Just months after being sentenced to lengthy prison terms stemming from one of the more egregious examples of corporate greed in recent years, Adelphia Communications Corp. founder John Rigas and his son, former chief financial officer Timothy Rigas, have been indicted on charges that they failed to pay more than $137 million in federal taxes.
According to the indictment -- filed in U.S. District Court for the Middle District of Pennsylvania in Williamsport, Pa., Thursday and unsealed Friday -- the Rigases created a complex network of family-owned partnerships to use $1.9 billion in Adelphia funds to buy cable systems and Adelphia stocks and bonds and for their personal use.
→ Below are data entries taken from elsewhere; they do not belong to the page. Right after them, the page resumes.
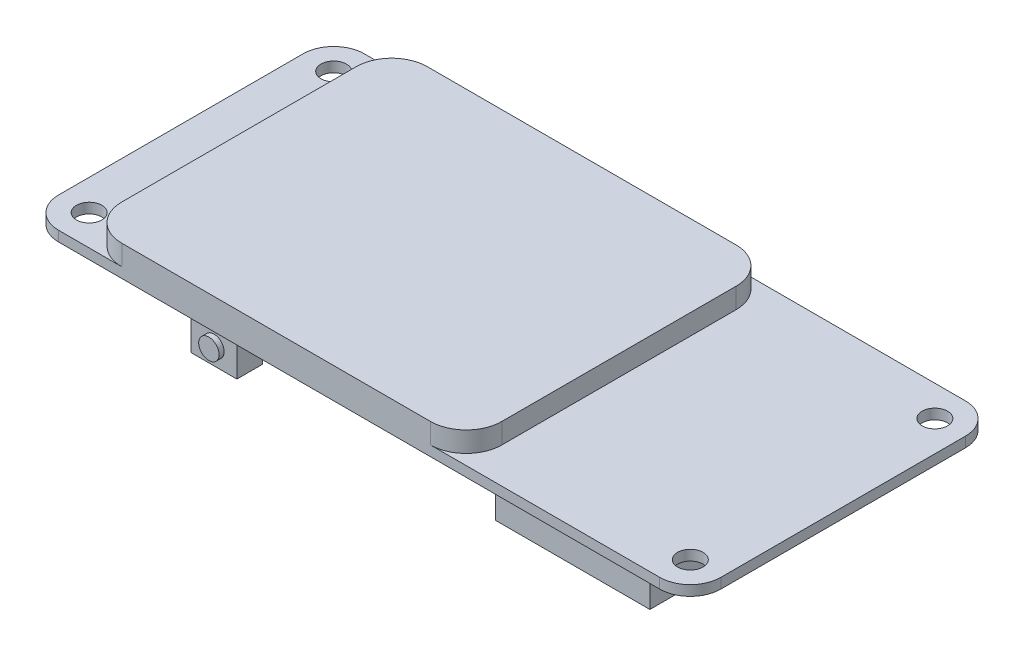
ISO-10303-21;
HEADER;
FILE_DESCRIPTION(('STEP AP214'),'2;1');
FILE_NAME('part.step','',(''),(''),'','','');
FILE_SCHEMA(('AUTOMOTIVE_DESIGN { 1 0 10303 214 1 1 1 1 }'));
ENDSEC;
DATA;
#1=APPLICATION_CONTEXT('core data for automotive mechanical design processes');
#2=APPLICATION_PROTOCOL_DEFINITION('international standard','automotive_design',2000,#1);
#3=PRODUCT_CONTEXT('',#1,'mechanical');
#4=PRODUCT('Part','Part','',(#3));
#5=PRODUCT_RELATED_PRODUCT_CATEGORY('part','',(#4));
#6=PRODUCT_DEFINITION_FORMATION('','',#4);
#7=PRODUCT_DEFINITION_CONTEXT('part definition',#1,'design');
#8=PRODUCT_DEFINITION('design','',#6,#7);
#9=PRODUCT_DEFINITION_SHAPE('','',#8);
#10=(LENGTH_UNIT() NAMED_UNIT(*) SI_UNIT(.MILLI.,.METRE.));
#11=(NAMED_UNIT(*) PLANE_ANGLE_UNIT() SI_UNIT($,.RADIAN.));
#12=(NAMED_UNIT(*) SI_UNIT($,.STERADIAN.) SOLID_ANGLE_UNIT());
#13=UNCERTAINTY_MEASURE_WITH_UNIT(LENGTH_MEASURE(1.E-05),#10,'distance_accuracy_value','');
#14=(GEOMETRIC_REPRESENTATION_CONTEXT(3) GLOBAL_UNCERTAINTY_ASSIGNED_CONTEXT((#13)) GLOBAL_UNIT_ASSIGNED_CONTEXT((#10,
#11,#12)) REPRESENTATION_CONTEXT('',''));
#15=CARTESIAN_POINT('',(0.,0.,0.));
#16=DIRECTION('',(0.,0.,1.));
#17=DIRECTION('',(1.,0.,0.));
#18=AXIS2_PLACEMENT_3D('',#15,#16,#17);
#19=CARTESIAN_POINT('',(29.5,0.,12.));
#20=DIRECTION('',(0.,1.,0.));
#21=DIRECTION('',(0.,0.,1.));
#22=AXIS2_PLACEMENT_3D('',#19,#20,#21);
#23=PLANE('',#22);
#24=DIRECTION('',(0.,0.,-1.));
#25=VECTOR('',#24,1.);
#26=CARTESIAN_POINT('',(10.61,0.,12.216190628889));
#27=LINE('',#26,#25);
#28=CARTESIAN_POINT('',(10.61,0.,12.216190628889));
#29=VERTEX_POINT('',#28);
#30=CARTESIAN_POINT('',(10.61,0.,-7.78380937111097));
#31=VERTEX_POINT('',#30);
#32=EDGE_CURVE('E245',#29,#31,#27,.T.);
#33=ORIENTED_EDGE('',*,*,#32,.F.);
#34=DIRECTION('',(-1.,0.,0.));
#35=VECTOR('',#34,1.);
#36=CARTESIAN_POINT('',(10.61,0.,12.216190628889));
#37=LINE('',#36,#35);
#38=CARTESIAN_POINT('',(25.75,0.,12.216190628889));
#39=VERTEX_POINT('',#38);
#40=EDGE_CURVE('E258',#39,#29,#37,.T.);
#41=ORIENTED_EDGE('',*,*,#40,.F.);
#42=DIRECTION('',(0.,0.,1.));
#43=VECTOR('',#42,1.);
#44=CARTESIAN_POINT('',(25.75,0.,12.216190628889));
#45=LINE('',#44,#43);
#46=CARTESIAN_POINT('',(25.75,0.,-7.78380937111097));
#47=VERTEX_POINT('',#46);
#48=EDGE_CURVE('E267',#47,#39,#45,.T.);
#49=ORIENTED_EDGE('',*,*,#48,.F.);
#50=DIRECTION('',(1.,0.,0.));
#51=VECTOR('',#50,1.);
#52=CARTESIAN_POINT('',(10.61,0.,-7.78380937111097));
#53=LINE('',#52,#51);
#54=EDGE_CURVE('E248',#31,#47,#53,.T.);
#55=ORIENTED_EDGE('',*,*,#54,.F.);
#56=EDGE_LOOP('',(#33,#41,#49,#55));
#57=FACE_BOUND('',#56,.T.);
#58=CARTESIAN_POINT('',(29.5,0.,12.));
#59=DIRECTION('',(0.,1.,0.));
#60=DIRECTION('',(0.,0.,1.));
#61=AXIS2_PLACEMENT_3D('',#58,#59,#60);
#62=CIRCLE('',#61,1.25);
#63=CARTESIAN_POINT('',(29.5,0.,13.25));
#64=VERTEX_POINT('',#63);
#65=EDGE_CURVE('E330',#64,#64,#62,.T.);
#66=ORIENTED_EDGE('',*,*,#65,.T.);
#67=EDGE_LOOP('',(#66));
#68=FACE_BOUND('',#67,.T.);
#69=CARTESIAN_POINT('',(-29.5,0.,12.));
#70=DIRECTION('',(0.,1.,0.));
#71=DIRECTION('',(0.,0.,1.));
#72=AXIS2_PLACEMENT_3D('',#69,#70,#71);
#73=CIRCLE('',#72,1.25);
#74=CARTESIAN_POINT('',(-29.5,0.,13.25));
#75=VERTEX_POINT('',#74);
#76=EDGE_CURVE('E338',#75,#75,#73,.T.);
#77=ORIENTED_EDGE('',*,*,#76,.T.);
#78=EDGE_LOOP('',(#77));
#79=FACE_BOUND('',#78,.T.);
#80=CARTESIAN_POINT('',(29.5,0.,-12.));
#81=DIRECTION('',(0.,1.,0.));
#82=DIRECTION('',(0.,0.,1.));
#83=AXIS2_PLACEMENT_3D('',#80,#81,#82);
#84=CIRCLE('',#83,1.25);
#85=CARTESIAN_POINT('',(29.5,0.,-10.75));
#86=VERTEX_POINT('',#85);
#87=EDGE_CURVE('E344',#86,#86,#84,.T.);
#88=ORIENTED_EDGE('',*,*,#87,.T.);
#89=EDGE_LOOP('',(#88));
#90=FACE_BOUND('',#89,.T.);
#91=CARTESIAN_POINT('',(-29.5,0.,-12.));
#92=DIRECTION('',(0.,1.,0.));
#93=DIRECTION('',(0.,0.,1.));
#94=AXIS2_PLACEMENT_3D('',#91,#92,#93);
#95=CIRCLE('',#94,1.25);
#96=CARTESIAN_POINT('',(-29.5,0.,-10.75));
#97=VERTEX_POINT('',#96);
#98=EDGE_CURVE('E350',#97,#97,#95,.T.);
#99=ORIENTED_EDGE('',*,*,#98,.T.);
#100=EDGE_LOOP('',(#99));
#101=FACE_BOUND('',#100,.T.);
#102=CARTESIAN_POINT('',(29.5,0.,12.));
#103=DIRECTION('',(0.,1.,0.));
#104=DIRECTION('',(0.,0.,1.));
#105=AXIS2_PLACEMENT_3D('',#102,#103,#104);
#106=CIRCLE('',#105,3.);
#107=CARTESIAN_POINT('',(29.5,0.,15.));
#108=VERTEX_POINT('',#107);
#109=CARTESIAN_POINT('',(32.5,0.,12.));
#110=VERTEX_POINT('',#109);
#111=EDGE_CURVE('E356',#108,#110,#106,.T.);
#112=ORIENTED_EDGE('',*,*,#111,.F.);
#113=DIRECTION('',(1.,0.,0.));
#114=VECTOR('',#113,1.);
#115=CARTESIAN_POINT('',(-29.5,0.,15.));
#116=LINE('',#115,#114);
#117=CARTESIAN_POINT('',(-29.5,0.,15.));
#118=VERTEX_POINT('',#117);
#119=EDGE_CURVE('E363',#118,#108,#116,.T.);
#120=ORIENTED_EDGE('',*,*,#119,.F.);
#121=CARTESIAN_POINT('',(-29.5,0.,12.));
#122=DIRECTION('',(0.,1.,0.));
#123=DIRECTION('',(0.,0.,1.));
#124=AXIS2_PLACEMENT_3D('',#121,#122,#123);
#125=CIRCLE('',#124,3.);
#126=CARTESIAN_POINT('',(-32.5,0.,12.));
#127=VERTEX_POINT('',#126);
#128=EDGE_CURVE('E392',#127,#118,#125,.T.);
#129=ORIENTED_EDGE('',*,*,#128,.F.);
#130=DIRECTION('',(0.,0.,1.));
#131=VECTOR('',#130,1.);
#132=CARTESIAN_POINT('',(-32.5,0.,-12.));
#133=LINE('',#132,#131);
#134=CARTESIAN_POINT('',(-32.5,0.,-12.));
#135=VERTEX_POINT('',#134);
#136=EDGE_CURVE('E390',#135,#127,#133,.T.);
#137=ORIENTED_EDGE('',*,*,#136,.F.);
#138=CARTESIAN_POINT('',(-29.5,0.,-12.));
#139=DIRECTION('',(0.,1.,0.));
#140=DIRECTION('',(0.,0.,1.));
#141=AXIS2_PLACEMENT_3D('',#138,#139,#140);
#142=CIRCLE('',#141,3.);
#143=CARTESIAN_POINT('',(-29.5,0.,-15.));
#144=VERTEX_POINT('',#143);
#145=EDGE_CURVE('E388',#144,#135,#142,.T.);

The Rigases each were indicted on one count of conspiracy to defraud and six counts of tax evasion.
The indictment stated that from 1998-2000, John Rigas failed to report $143 million in income and Timothy Rigas failed to report $239 million. The indictment also claimed that both Rigases also helped family members Michael Rigas, James Rigas and Ellen Rigas to avoid paying $179 million in taxes during the same period. Michael, James and Ellen Rigas were not indicted.
For example, in 1998, the Internal Revenue Service claimed, John Rigas reported taxable income of $830,776 and paid taxes of $326,099 when his actual income for that year was $62.4 million (with a corresponding tax bill of $24.2 million). Timothy Rigas, the IRS claimed, reported taxable income of negative $6.6 million and paid no taxes when his actual income was $50.8 million, on which he owed $20.01 million in taxes.
In 1999, the IRS claimed, John Rigas filed tax returns stating that his income for that year was negative $44,155 and paid taxes of $4,872, when his actual income was $39.7 million and he owed $15.7 million in taxes. That same year, Timothy Rigas claimed negative $10.4 million in taxable income (and paid no taxes) when his actual income was $78.5 million (with a tax bill of $31 million).
John and Timothy Rigas were convicted in July 2004 on 18 counts of fraud and conspiracy relating to their participation in a widespread accounting scandal that sent Adelphia into bankruptcy in 2002.
As part of that scandal, the Rigases hid more than $2 billion in Adelphia debt and siphoned hundreds of millions of dollars from the MSO for their own personal use.
John Rigas was sentenced to 15 years in prison and Timothy Rigas received a 20-year sentence in June. The two men are free pending appeal.